The function repr() is a Python built in function. Explained here. i.e. Return a string containing a printable representation of an object.

In [88]:
def printlist(*args):
print repr(args)

In [89]:
printlist(1, 2, 3, 4, 5) # or as many more arguments as I'd like

(1, 2, 3, 4, 5)

In [90]:
def printdict(**kwargs):
print repr(kwargs)

In [91]:
printdict(john=10, jill=12, david=15)

{'john': 10, 'jill': 12, 'david': 15}

In [92]:
def printlistdict(self, *args, **kwargs):
print repr(args)
print repr(kwargs)

In [93]:
printlistdict(1, 2, 3, 4, 5, john=10, jill=12, david=15)

(2, 3, 4, 5)
{'john': 10, 'jill': 12, 'david': 15}


## Indexing with Strings¶

Numpy provides powerful capabilities to create arrays of structs or records. These arrays permit one to manipulate the data by the structs or by fields of the struct. A simple example will show what is meant.:

In [94]:
x = np.zeros((2,),dtype=('i4,f4,a10'))

In [95]:
x

Out[95]:
array([(0, 0.0, ''), (0, 0.0, '')],
dtype=[('f0', '<i4'), ('f1', '<f4'), ('f2', 'S10')])
In [96]:
x[:] = [(1, 2., 'Hello'), (2, 3., "World")]

In [97]:
x

Out[97]:
array([(1, 2.0, 'Hello'), (2, 3.0, 'World')],
dtype=[('f0', '<i4'), ('f1', '<f4'), ('f2', 'S10')])

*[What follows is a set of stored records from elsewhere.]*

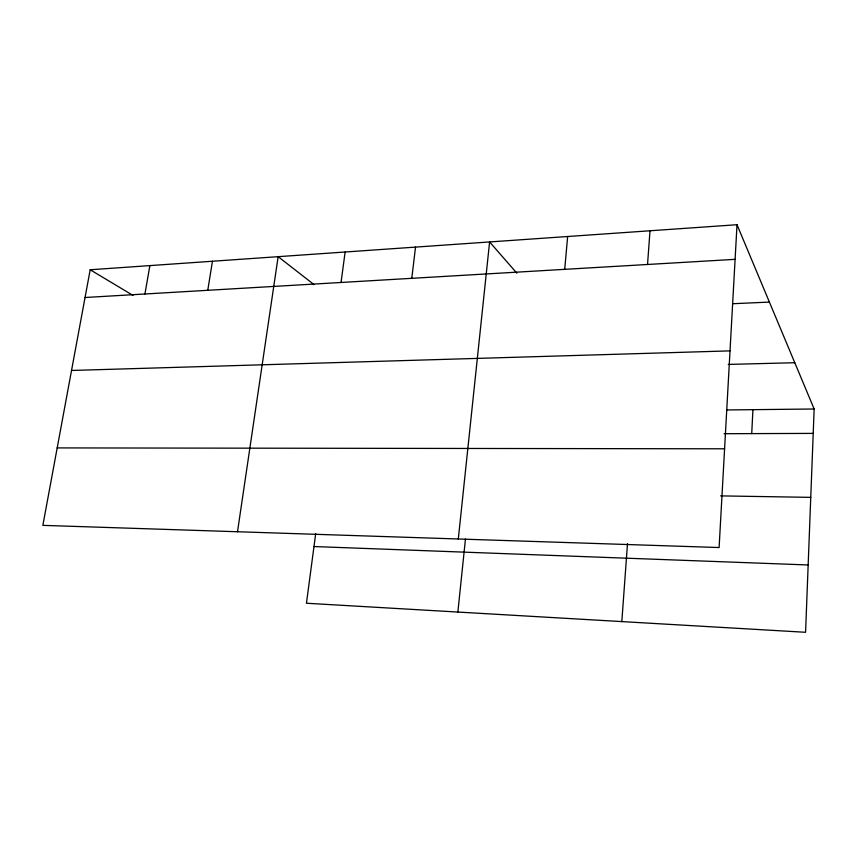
<?xml version="1.0" encoding="UTF-8"?>
<svg xmlns="http://www.w3.org/2000/svg" width="857" height="857" viewBox="0 0 857 857"><rect width="100%" height="100%" fill="white"/><g stroke="black" fill="none" stroke-linecap="round" stroke-linejoin="round"><path stroke-width="1.29" d="M737.02 224.716L719.109 547.537L42.85 525.362L90.189 269.762L737.02 224.716L814.15 408.993L805.58 632.284L306.452 603.242L315.708 533.547M751.728 433.61L752.928 409.667M647.538 264.481L650.002 230.779M621.818 621.593L627.506 543.584M564.709 269.344L567.655 236.511M457.863 612.048L465.458 539.021M458.302 538.989L489.604 241.953L516.867 273.169M411.778 278.332L415.527 247.105M341.043 282.478L345.135 252.012M237.507 531.747L278.15 256.671L314.005 284.588M207.769 290.309L212.44 261.256M144.94 293.994L149.868 265.616M85.047 297.508L735.102 259.339M732.51 303.732L769.404 302.082M71.538 370.47L730.025 350.877M728.246 364.418L794.782 362.725M726.736 409.957L814.15 408.993M724.101 433.706L813.218 433.396M57.194 447.911L724.583 448.8M720.641 495.892L810.754 497.36M313.983 546.541L808.162 564.967M90.189 269.762L133.017 295.419"/></g></svg>
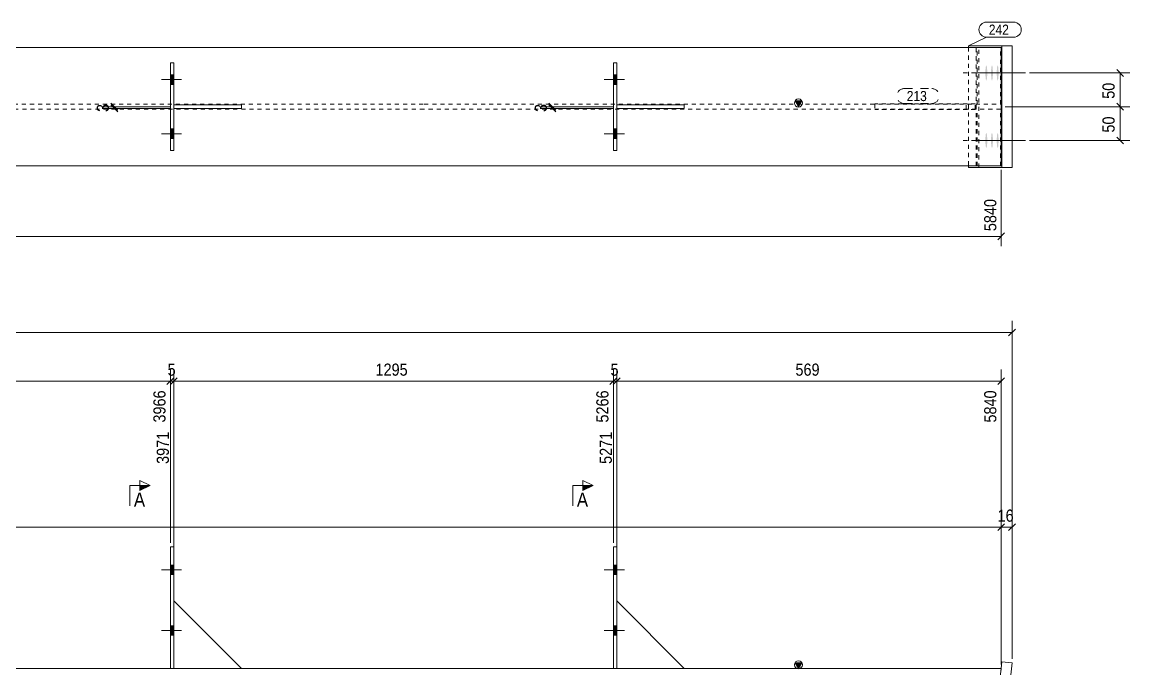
# Model space of a CAD drawing. Header units: millimetres. Extents: x 2 to 825, y 1 to 579.
# Drawn here: x 413.7 to 686.9, y 222.5 to 381.9 of the extents above; entities that cross this region are included whole.
import ezdxf

# ---------------------------------------------------------------- set-up
doc = ezdxf.new("R2010")
doc.units = ezdxf.units.MM
for name, pattern in [('XKITLINE00', [0]), ('XKITLINE01', [4, 1, -1, 1, -1]), ('XKITLINE02', [4, 2, -2])]:
    doc.linetypes.add(name, pattern=pattern)
for name, color, linetype, lineweight in [('Bolt', 3, 'Continuous', 0), ('Dimensions', 7, 'Continuous', 0), ('Part', 2, 'Continuous', 0), ('PartMark', 7, 'Continuous', 0), ('Section', 6, 'Continuous', 0)]:
    doc.layers.add(name, color=color, linetype=linetype, lineweight=lineweight)
doc.styles.add('ARIAL', font='ARIAL.TTF')

# ---------------------------------------------------------------- blocks, each defined once
blk = doc.blocks.new('*A6')
at = {"layer": 'Bolt'}
for points in [[(450.25, 248.06), (451.08, 248.06), (451.08, 245.72), (450.25, 245.72)], [(450.25, 248.06), (451.08, 248.06), (451.08, 245.72), (450.25, 245.72)], [(450.25, 233.06), (451.08, 233.06), (451.08, 230.72), (450.25, 230.72)], [(450.25, 233.06), (451.08, 233.06), (451.08, 230.72), (450.25, 230.72)]]:
    blk.add_hatch(color=3, dxfattribs=at).paths.add_polyline_path(points, flags=17)
at = {"layer": 'Bolt', "color": 3, "linetype": 'XKITLINE00', "lineweight": 0}
for p, q in [((453.02, 246.89), (448.02, 246.89)), ((453.02, 246.89), (448.02, 246.89)), ((451.08, 248.06), (450.25, 248.06)), ((451.08, 248.06), (450.25, 248.06)), ((451.08, 245.72), (450.25, 245.72)), ((451.08, 245.72), (450.25, 245.72)), ((451.08, 233.06), (450.25, 233.06)), ((451.08, 233.06), (450.25, 233.06)), ((453.02, 231.89), (448.02, 231.89)), ((453.02, 231.89), (448.02, 231.89)), ((451.08, 230.72), (450.25, 230.72)), ((451.08, 230.72), (450.25, 230.72))]:
    blk.add_line(p, q, dxfattribs=at)
blk = doc.blocks.new('*A7')
at = {"layer": 'Bolt'}
for points in [[(559.48, 248.06), (560.32, 248.06), (560.32, 245.72), (559.48, 245.72)], [(559.48, 248.06), (560.32, 248.06), (560.32, 245.72), (559.48, 245.72)], [(559.48, 233.06), (560.32, 233.06), (560.32, 230.72), (559.48, 230.72)], [(559.48, 233.06), (560.32, 233.06), (560.32, 230.72), (559.48, 230.72)]]:
    blk.add_hatch(color=3, dxfattribs=at).paths.add_polyline_path(points, flags=17)
at = {"layer": 'Bolt', "color": 3, "linetype": 'XKITLINE00', "lineweight": 0}
for p, q in [((562.25, 246.89), (557.25, 246.89)), ((562.25, 246.89), (557.25, 246.89)), ((560.32, 248.06), (559.48, 248.06)), ((560.32, 248.06), (559.48, 248.06)), ((560.32, 245.72), (559.48, 245.72)), ((560.32, 245.72), (559.48, 245.72)), ((560.32, 233.06), (559.48, 233.06)), ((560.32, 233.06), (559.48, 233.06)), ((562.25, 231.89), (557.25, 231.89)), ((562.25, 231.89), (557.25, 231.89)), ((560.32, 230.72), (559.48, 230.72)), ((560.32, 230.72), (559.48, 230.72))]:
    blk.add_line(p, q, dxfattribs=at)
blk = doc.blocks.new('*A10')
at = {"layer": 'Part'}
blk.add_hatch(color=2, dxfattribs=at).paths.add_polyline_path([(604.33, 223.96), (605.93, 223.96), (605.13, 222.56)], flags=17)
at = {"layer": 'Part', "color": 2, "linetype": 'XKITLINE00', "lineweight": 0}
for p, q in [((512.75, 222.56), (403.62, 222.56)), ((655.13, 222.56), (512.85, 222.56)), ((605.13, 222.56), (604.33, 223.96)), ((604.33, 223.96), (605.93, 223.96)), ((605.93, 223.96), (605.13, 222.56))]:
    blk.add_line(p, q, dxfattribs=at)
at = {"layer": 'Part', "color": 7, "linetype": 'XKITLINE01', "lineweight": 0}
blk.add_line((655.13, 222.56), (648.98, 164.22), dxfattribs=at)
at = {"layer": 'Part', "color": 2, "linetype": 'XKITLINE00', "lineweight": 0}
blk.add_circle((605.13, 223.46), 1, dxfattribs=at)
blk = doc.blocks.new('*A17')
at = {"layer": 'Part', "color": 2, "linetype": 'XKITLINE00', "lineweight": 0}
blk.add_line((467.75, 222.56), (451.08, 239.22), dxfattribs=at)
at = {"layer": 'Part', "color": 7, "linetype": 'XKITLINE01', "lineweight": 0}
for p, q in [((451.08, 239.22), (451.08, 222.56)), ((451.08, 222.56), (467.75, 222.56))]:
    blk.add_line(p, q, dxfattribs=at)
blk = doc.blocks.new('*A18')
at = {"layer": 'Part', "color": 2, "linetype": 'XKITLINE00', "lineweight": 0}
for p, q in [((450.25, 252.56), (451.08, 252.56)), ((450.25, 252.56), (450.25, 222.56)), ((451.08, 252.56), (451.08, 222.56))]:
    blk.add_line(p, q, dxfattribs=at)
at = {"layer": 'Part', "color": 7, "linetype": 'XKITLINE01', "lineweight": 0}
blk.add_line((451.08, 222.56), (450.25, 222.56), dxfattribs=at)
blk = doc.blocks.new('*A19')
at = {"layer": 'Part', "color": 2, "linetype": 'XKITLINE00', "lineweight": 0}
blk.add_line((576.98, 222.56), (560.32, 239.22), dxfattribs=at)
at = {"layer": 'Part', "color": 7, "linetype": 'XKITLINE01', "lineweight": 0}
for p, q in [((560.32, 239.22), (560.32, 222.56)), ((560.32, 222.56), (576.98, 222.56))]:
    blk.add_line(p, q, dxfattribs=at)
blk = doc.blocks.new('*A20')
at = {"layer": 'Part', "color": 2, "linetype": 'XKITLINE00', "lineweight": 0}
for p, q in [((559.48, 252.56), (560.32, 252.56)), ((559.48, 252.56), (559.48, 222.56)), ((560.32, 252.56), (560.32, 222.56))]:
    blk.add_line(p, q, dxfattribs=at)
at = {"layer": 'Part', "color": 7, "linetype": 'XKITLINE01', "lineweight": 0}
blk.add_line((560.32, 222.56), (559.48, 222.56), dxfattribs=at)
blk = doc.blocks.new('*A21')
at = {"layer": 'Part', "color": 2, "linetype": 'XKITLINE00', "lineweight": 0}
for p, q in [((655.3, 224.21), (647.09, 146.31)), ((657.79, 223.95), (655.3, 224.21)), ((649.57, 146.05), (657.79, 223.95)), ((647.09, 146.31), (649.57, 146.05))]:
    blk.add_line(p, q, dxfattribs=at)
blk = doc.blocks.new('*A30')
at = {"layer": 'Bolt'}
for points in [[(450.25, 368.92), (451.08, 368.92), (451.08, 366.59), (450.25, 366.59)], [(450.25, 368.92), (451.08, 368.92), (451.08, 366.59), (450.25, 366.59)], [(450.25, 355.59), (451.08, 355.59), (451.08, 353.26), (450.25, 353.26)], [(450.25, 355.59), (451.08, 355.59), (451.08, 353.26), (450.25, 353.26)]]:
    blk.add_hatch(color=3, dxfattribs=at).paths.add_polyline_path(points, flags=17)
at = {"layer": 'Bolt', "color": 3, "linetype": 'XKITLINE00', "lineweight": 0}
for p, q in [((451.08, 368.92), (450.25, 368.92)), ((451.08, 368.92), (450.25, 368.92)), ((453.02, 367.76), (448.02, 367.76)), ((453.02, 367.76), (448.02, 367.76)), ((451.08, 366.59), (450.25, 366.59)), ((451.08, 366.59), (450.25, 366.59)), ((451.08, 355.59), (450.25, 355.59)), ((451.08, 355.59), (450.25, 355.59)), ((453.02, 354.42), (448.02, 354.42)), ((453.02, 354.42), (448.02, 354.42)), ((451.08, 353.26), (450.25, 353.26)), ((451.08, 353.26), (450.25, 353.26))]:
    blk.add_line(p, q, dxfattribs=at)
blk = doc.blocks.new('*A31')
at = {"layer": 'Bolt'}
for points in [[(559.48, 368.92), (560.32, 368.92), (560.32, 366.59), (559.48, 366.59)], [(559.48, 368.92), (560.32, 368.92), (560.32, 366.59), (559.48, 366.59)], [(559.48, 355.59), (560.32, 355.59), (560.32, 353.26), (559.48, 353.26)], [(559.48, 355.59), (560.32, 355.59), (560.32, 353.26), (559.48, 353.26)]]:
    blk.add_hatch(color=3, dxfattribs=at).paths.add_polyline_path(points, flags=17)
at = {"layer": 'Bolt', "color": 3, "linetype": 'XKITLINE00', "lineweight": 0}
for p, q in [((560.32, 368.92), (559.48, 368.92)), ((560.32, 368.92), (559.48, 368.92)), ((562.25, 367.76), (557.25, 367.76)), ((562.25, 367.76), (557.25, 367.76)), ((560.32, 366.59), (559.48, 366.59)), ((560.32, 366.59), (559.48, 366.59)), ((560.32, 355.59), (559.48, 355.59)), ((560.32, 355.59), (559.48, 355.59)), ((562.25, 354.42), (557.25, 354.42)), ((562.25, 354.42), (557.25, 354.42)), ((560.32, 353.26), (559.48, 353.26)), ((560.32, 353.26), (559.48, 353.26))]:
    blk.add_line(p, q, dxfattribs=at)
blk = doc.blocks.new('*A32')
at = {"layer": 'Bolt'}
for points in [[(651.69, 369.38), (651.69, 369.33), (651.69, 369.29), (651.69, 369.24), (651.68, 369.2), (651.68, 369.15), (651.68, 369.11), (651.68, 369.06), (651.68, 369.02), (651.68, 368.98), (651.68, 368.93), (651.68, 368.89), (651.68, 368.85), (651.67, 368.8), (651.67, 368.76), (651.67, 368.72), (651.67, 368.68), (651.66, 368.64), (651.66, 368.6), (651.66, 368.56), (651.66, 368.52), (651.65, 368.48), (651.65, 368.44), (651.65, 368.4), (651.64, 368.37), (651.64, 368.33), (651.64, 368.29), (651.63, 368.26), (651.63, 368.22), (651.63, 368.19), (651.62, 368.16), (651.62, 368.13), (651.62, 368.09), (651.61, 368.06), (651.61, 368.03), (651.6, 368), (651.6, 367.98), (651.59, 367.95), (651.59, 367.92), (651.58, 367.9), (651.58, 367.87), (651.58, 367.85), (651.57, 367.83), (651.57, 367.81), (651.56, 367.78), (651.56, 367.76), (651.55, 367.75), (651.55, 367.73), (651.54, 367.71), (651.53, 367.7), (651.53, 367.68), (651.52, 367.67), (651.52, 367.66), (651.51, 367.64), (651.51, 367.63), (651.5, 367.62), (651.5, 367.62), (651.49, 367.61), (651.49, 367.6), (651.48, 367.6), (651.47, 367.59), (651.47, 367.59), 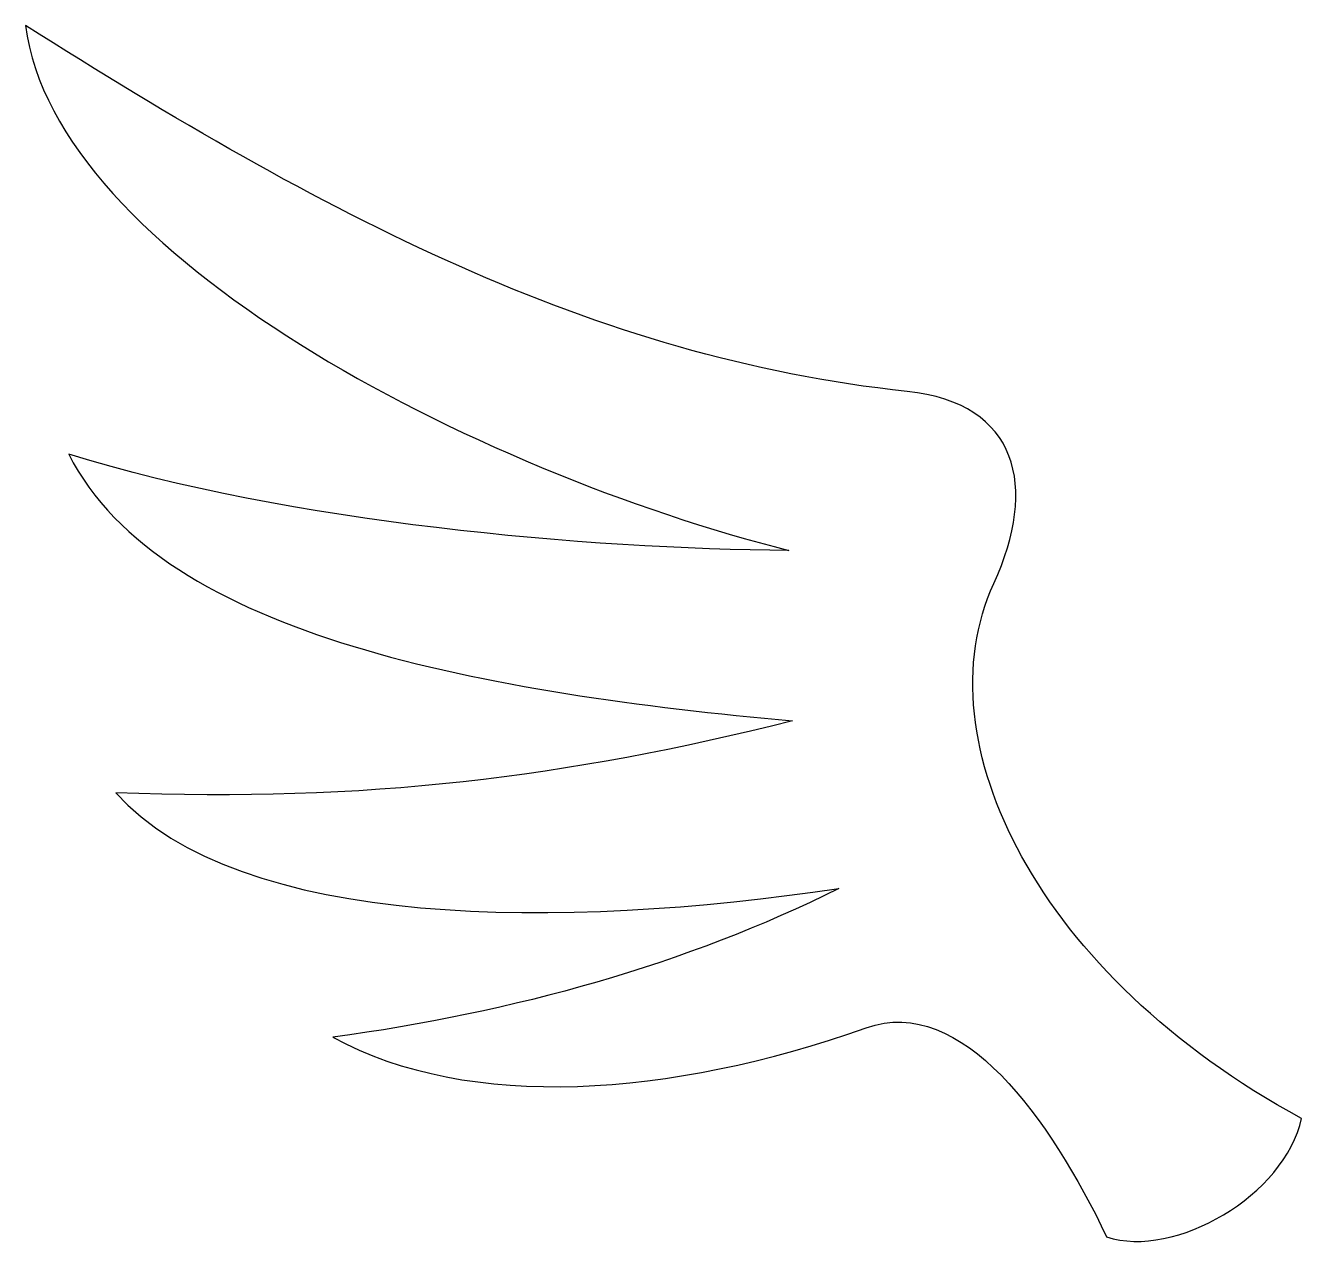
# Model space of a CAD drawing. Header units: centimetres. Extents: x -9.8 to 9.8, y -9.4 to 9.6.
import ezdxf

# ---------------------------------------------------------------- set-up
doc = ezdxf.new("R2010")
doc.units = ezdxf.units.CM
doc.header["$MEASUREMENT"] = 0
doc.layers.add('Layer 1', color=7, linetype='Continuous')

msp = doc.modelspace()

# ---------------------------------------------------------------- linework, layer by layer
at = {"layer": 'Layer 1'}
msp.add_open_spline([(-9.8474, 9.58225), (-5.31215, 6.71027), (-1.11779, 4.45758), (3.73111, 3.94524), (3.73111, 3.94524), (5.44764, 3.76392), (5.74733, 2.47189), (5.06678, 0.98918), (5.06678, 0.98918), (3.94849, -1.44703), (5.7596, -5.06391), (9.80401, -7.25318), (9.80401, -7.25318), (9.55172, -8.43333), (7.85096, -9.42673), (6.80334, -9.07787), (6.80334, -9.07787), (5.93122, -7.25756), (4.57265, -5.33597), (3.10074, -5.85725), (3.10074, -5.85725), (0.0902, -6.92351), (-3.01003, -7.15025), (-5.1151, -6.00265), (-5.1151, -6.00265), (-2.32244, -5.62369), (0.33608, -4.88119), (2.67754, -3.71116), (2.67754, -3.71116), (-1.55262, -4.34385), (-6.56104, -4.36017), (-8.45889, -2.2365), (-8.45889, -2.2365), (-4.6192, -2.38991), (-1.50699, -2.00036), (1.96756, -1.13069), (1.96756, -1.13069), (-2.66029, -0.7045), (-7.74849, 0.14168), (-9.18094, 2.97917), (-9.18094, 2.97917), (-5.7663, 1.91456), (-1.18716, 1.51822), (1.91059, 1.49663), (1.91059, 1.49663), (-2.91549, 2.71245), (-9.40616, 6.04174), (-9.84749, 9.58225), (-9.84749, 9.58225), (-9.84749, 9.58225), (-9.8474, 9.58225), (-9.8474, 9.58225)], degree=3, knots=[0, 0, 0, 0, 0.07142857, 0.07142857, 0.07142857, 0.07142857, 0.14285714, 0.14285714, 0.14285714, 0.14285714, 0.21428571, 0.21428571, 0.21428571, 0.21428571, 0.28571429, 0.28571429, 0.28571429, 0.28571429, 0.35714286, 0.35714286, 0.35714286, 0.35714286, 0.42857143, 0.42857143, 0.42857143, 0.42857143, 0.5, 0.5, 0.5, 0.5, 0.57142857, 0.57142857, 0.57142857, 0.57142857, 0.64285714, 0.64285714, 0.64285714, 0.64285714, 0.71428571, 0.71428571, 0.71428571, 0.71428571, 0.78571429, 0.78571429, 0.78571429, 0.78571429, 0.85714286, 0.85714286, 0.85714286, 0.85714286, 1, 1, 1, 1], dxfattribs=at)

doc.saveas('drawing.dxf')

Here we have created a one-dimensional array of length 2. Each element of this array is a record that contains three items, a 32-bit integer, a 32-bit float, and a string of length 10 or less. If we index this array at the second position we get the second record:

In [98]:
x[1]

Out[98]:
(2, 3.0, 'World')

Conveniently, one can access any field of the array by indexing using the string that names that field. In this case the fields have received the default names ‘f0’, ‘f1’ and ‘f2’.

In [99]:
y = x['f1']

In [100]:
y

Out[100]:
array([ 2.,  3.], dtype=float32)
In [101]:
y[:] = 2*y

In [102]:
x

Out[102]:
array([(1, 4.0, 'Hello'), (2, 6.0, 'World')],
dtype=[('f0', '<i4'), ('f1', '<f4'), ('f2', 'S10')])
In [103]:
y

Out[103]:
array([ 4.,  6.], dtype=float32)

See documentation for more on Structured arrays (aka "Record arrays").

## Conclusion¶

We have now completed Lesson 6 - Fancy Indexing and Index Tricks. A pretty tricky topic. Probably require revisiting later on / further studying.